Exercise data:
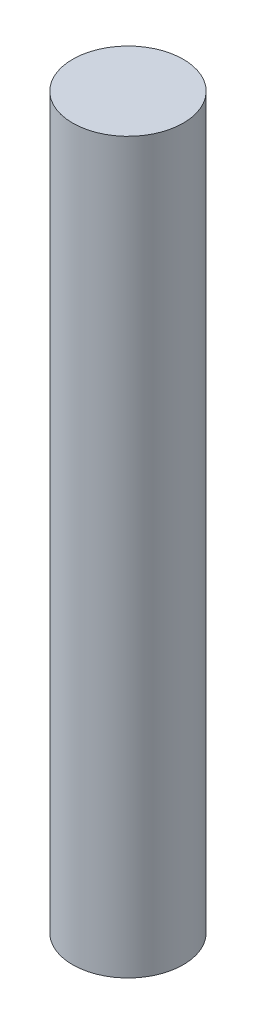
ISO-10303-21;
HEADER;
FILE_DESCRIPTION(('STEP AP214'),'2;1');
FILE_NAME('part.step','',(''),(''),'','','');
FILE_SCHEMA(('AUTOMOTIVE_DESIGN { 1 0 10303 214 1 1 1 1 }'));
ENDSEC;
DATA;
#1=APPLICATION_CONTEXT('core data for automotive mechanical design processes');
#2=APPLICATION_PROTOCOL_DEFINITION('international standard','automotive_design',2000,#1);
#3=PRODUCT_CONTEXT('',#1,'mechanical');
#4=PRODUCT('Part','Part','',(#3));
#5=PRODUCT_RELATED_PRODUCT_CATEGORY('part','',(#4));
#6=PRODUCT_DEFINITION_FORMATION('','',#4);
#7=PRODUCT_DEFINITION_CONTEXT('part definition',#1,'design');
#8=PRODUCT_DEFINITION('design','',#6,#7);
#9=PRODUCT_DEFINITION_SHAPE('','',#8);
#10=(LENGTH_UNIT() NAMED_UNIT(*) SI_UNIT(.MILLI.,.METRE.));
#11=(NAMED_UNIT(*) PLANE_ANGLE_UNIT() SI_UNIT($,.RADIAN.));
#12=(NAMED_UNIT(*) SI_UNIT($,.STERADIAN.) SOLID_ANGLE_UNIT());
#13=UNCERTAINTY_MEASURE_WITH_UNIT(LENGTH_MEASURE(1.E-05),#10,'distance_accuracy_value','');
#14=(GEOMETRIC_REPRESENTATION_CONTEXT(3) GLOBAL_UNCERTAINTY_ASSIGNED_CONTEXT((#13)) GLOBAL_UNIT_ASSIGNED_CONTEXT((#10,
#11,#12)) REPRESENTATION_CONTEXT('',''));
#15=CARTESIAN_POINT('',(0.,0.,0.));
#16=DIRECTION('',(0.,0.,1.));
#17=DIRECTION('',(1.,0.,0.));
#18=AXIS2_PLACEMENT_3D('',#15,#16,#17);
#19=CARTESIAN_POINT('',(0.,142.24,0.));
#20=DIRECTION('',(0.,-1.,0.));
#21=DIRECTION('',(0.,0.,-1.));
#22=AXIS2_PLACEMENT_3D('',#19,#20,#21);
#23=CYLINDRICAL_SURFACE('',#22,10.795);
#24=CARTESIAN_POINT('',(0.,142.24,0.));
#25=DIRECTION('',(0.,1.,0.));
#26=DIRECTION('',(0.,0.,1.));
#27=AXIS2_PLACEMENT_3D('',#24,#25,#26);
#28=CIRCLE('',#27,10.795);
#29=CARTESIAN_POINT('',(0.,142.24,10.795));
#30=VERTEX_POINT('',#29);
#31=EDGE_CURVE('E10',#30,#30,#28,.T.);
#32=ORIENTED_EDGE('',*,*,#31,.F.);
#33=EDGE_LOOP('',(#32));
#34=FACE_BOUND('',#33,.T.);
#35=CARTESIAN_POINT('',(0.,0.,0.));
#36=DIRECTION('',(0.,1.,0.));
#37=DIRECTION('',(0.,0.,1.));
#38=AXIS2_PLACEMENT_3D('',#35,#36,#37);
#39=CIRCLE('',#38,10.795);
#40=CARTESIAN_POINT('',(0.,0.,10.795));
#41=VERTEX_POINT('',#40);
#42=EDGE_CURVE('E46',#41,#41,#39,.T.);
#43=ORIENTED_EDGE('',*,*,#42,.T.);
#44=EDGE_LOOP('',(#43));
#45=FACE_BOUND('',#44,.T.);
#46=ADVANCED_FACE('F43',(#34,#45),#23,.T.);
#47=CARTESIAN_POINT('',(0.,142.24,0.));
#48=DIRECTION('',(0.,1.,0.));
#49=DIRECTION('',(0.,0.,1.));
#50=AXIS2_PLACEMENT_3D('',#47,#48,#49);
#51=PLANE('',#50);
#52=ORIENTED_EDGE('',*,*,#31,.T.);
#53=EDGE_LOOP('',(#52));
#54=FACE_BOUND('',#53,.T.);
#55=ADVANCED_FACE('F60',(#54),#51,.T.);
#56=CARTESIAN_POINT('',(0.,0.,0.));
#57=DIRECTION('',(0.,1.,0.));
#58=DIRECTION('',(0.,0.,1.));
#59=AXIS2_PLACEMENT_3D('',#56,#57,#58);
#60=PLANE('',#59);
#61=ORIENTED_EDGE('',*,*,#42,.F.);
#62=EDGE_LOOP('',(#61));
#63=FACE_BOUND('',#62,.T.);
#64=ADVANCED_FACE('F58',(#63),#60,.F.);
#65=CLOSED_SHELL('',(#46,#55,#64));
#66=MANIFOLD_SOLID_BREP('B2',#65);
#67=ADVANCED_BREP_SHAPE_REPRESENTATION('',(#18,#66),#14);
#68=SHAPE_DEFINITION_REPRESENTATION(#9,#67);
ENDSEC;
END-ISO-10303-21;

What is being asked:
Please retype the whole listing above exactly, without any of its images.

Result of this task:
ISO-10303-21;
HEADER;
FILE_DESCRIPTION(('STEP AP214'),'2;1');
FILE_NAME('part.step','',(''),(''),'','','');
FILE_SCHEMA(('AUTOMOTIVE_DESIGN { 1 0 10303 214 1 1 1 1 }'));
ENDSEC;
DATA;
#1=APPLICATION_CONTEXT('core data for automotive mechanical design processes');
#2=APPLICATION_PROTOCOL_DEFINITION('international standard','automotive_design',2000,#1);
#3=PRODUCT_CONTEXT('',#1,'mechanical');
#4=PRODUCT('Part','Part','',(#3));
#5=PRODUCT_RELATED_PRODUCT_CATEGORY('part','',(#4));
#6=PRODUCT_DEFINITION_FORMATION('','',#4);
#7=PRODUCT_DEFINITION_CONTEXT('part definition',#1,'design');
#8=PRODUCT_DEFINITION('design','',#6,#7);
#9=PRODUCT_DEFINITION_SHAPE('','',#8);
#10=(LENGTH_UNIT() NAMED_UNIT(*) SI_UNIT(.MILLI.,.METRE.));
#11=(NAMED_UNIT(*) PLANE_ANGLE_UNIT() SI_UNIT($,.RADIAN.));
#12=(NAMED_UNIT(*) SI_UNIT($,.STERADIAN.) SOLID_ANGLE_UNIT());
#13=UNCERTAINTY_MEASURE_WITH_UNIT(LENGTH_MEASURE(1.E-05),#10,'distance_accuracy_value','');
#14=(GEOMETRIC_REPRESENTATION_CONTEXT(3) GLOBAL_UNCERTAINTY_ASSIGNED_CONTEXT((#13)) GLOBAL_UNIT_ASSIGNED_CONTEXT((#10,
#11,#12)) REPRESENTATION_CONTEXT('',''));
#15=CARTESIAN_POINT('',(0.,0.,0.));
#16=DIRECTION('',(0.,0.,1.));
#17=DIRECTION('',(1.,0.,0.));
#18=AXIS2_PLACEMENT_3D('',#15,#16,#17);
#19=CARTESIAN_POINT('',(0.,142.24,0.));
#20=DIRECTION('',(0.,-1.,0.));
#21=DIRECTION('',(0.,0.,-1.));
#22=AXIS2_PLACEMENT_3D('',#19,#20,#21);
#23=CYLINDRICAL_SURFACE('',#22,10.795);
#24=CARTESIAN_POINT('',(0.,142.24,0.));
#25=DIRECTION('',(0.,1.,0.));
#26=DIRECTION('',(0.,0.,1.));
#27=AXIS2_PLACEMENT_3D('',#24,#25,#26);
#28=CIRCLE('',#27,10.795);
#29=CARTESIAN_POINT('',(0.,142.24,10.795));
#30=VERTEX_POINT('',#29);
#31=EDGE_CURVE('E10',#30,#30,#28,.T.);
#32=ORIENTED_EDGE('',*,*,#31,.F.);
#33=EDGE_LOOP('',(#32));
#34=FACE_BOUND('',#33,.T.);
#35=CARTESIAN_POINT('',(0.,0.,0.));
#36=DIRECTION('',(0.,1.,0.));
#37=DIRECTION('',(0.,0.,1.));
#38=AXIS2_PLACEMENT_3D('',#35,#36,#37);
#39=CIRCLE('',#38,10.795);
#40=CARTESIAN_POINT('',(0.,0.,10.795));
#41=VERTEX_POINT('',#40);
#42=EDGE_CURVE('E46',#41,#41,#39,.T.);
#43=ORIENTED_EDGE('',*,*,#42,.T.);
#44=EDGE_LOOP('',(#43));
#45=FACE_BOUND('',#44,.T.);
#46=ADVANCED_FACE('F43',(#34,#45),#23,.T.);
#47=CARTESIAN_POINT('',(0.,142.24,0.));
#48=DIRECTION('',(0.,1.,0.));
#49=DIRECTION('',(0.,0.,1.));
#50=AXIS2_PLACEMENT_3D('',#47,#48,#49);
#51=PLANE('',#50);
#52=ORIENTED_EDGE('',*,*,#31,.T.);
#53=EDGE_LOOP('',(#52));
#54=FACE_BOUND('',#53,.T.);
#55=ADVANCED_FACE('F60',(#54),#51,.T.);
#56=CARTESIAN_POINT('',(0.,0.,0.));
#57=DIRECTION('',(0.,1.,0.));
#58=DIRECTION('',(0.,0.,1.));
#59=AXIS2_PLACEMENT_3D('',#56,#57,#58);
#60=PLANE('',#59);
#61=ORIENTED_EDGE('',*,*,#42,.F.);
#62=EDGE_LOOP('',(#61));
#63=FACE_BOUND('',#62,.T.);
#64=ADVANCED_FACE('F58',(#63),#60,.F.);
#65=CLOSED_SHELL('',(#46,#55,#64));
#66=MANIFOLD_SOLID_BREP('B2',#65);
#67=ADVANCED_BREP_SHAPE_REPRESENTATION('',(#18,#66),#14);
#68=SHAPE_DEFINITION_REPRESENTATION(#9,#67);
ENDSEC;
END-ISO-10303-21;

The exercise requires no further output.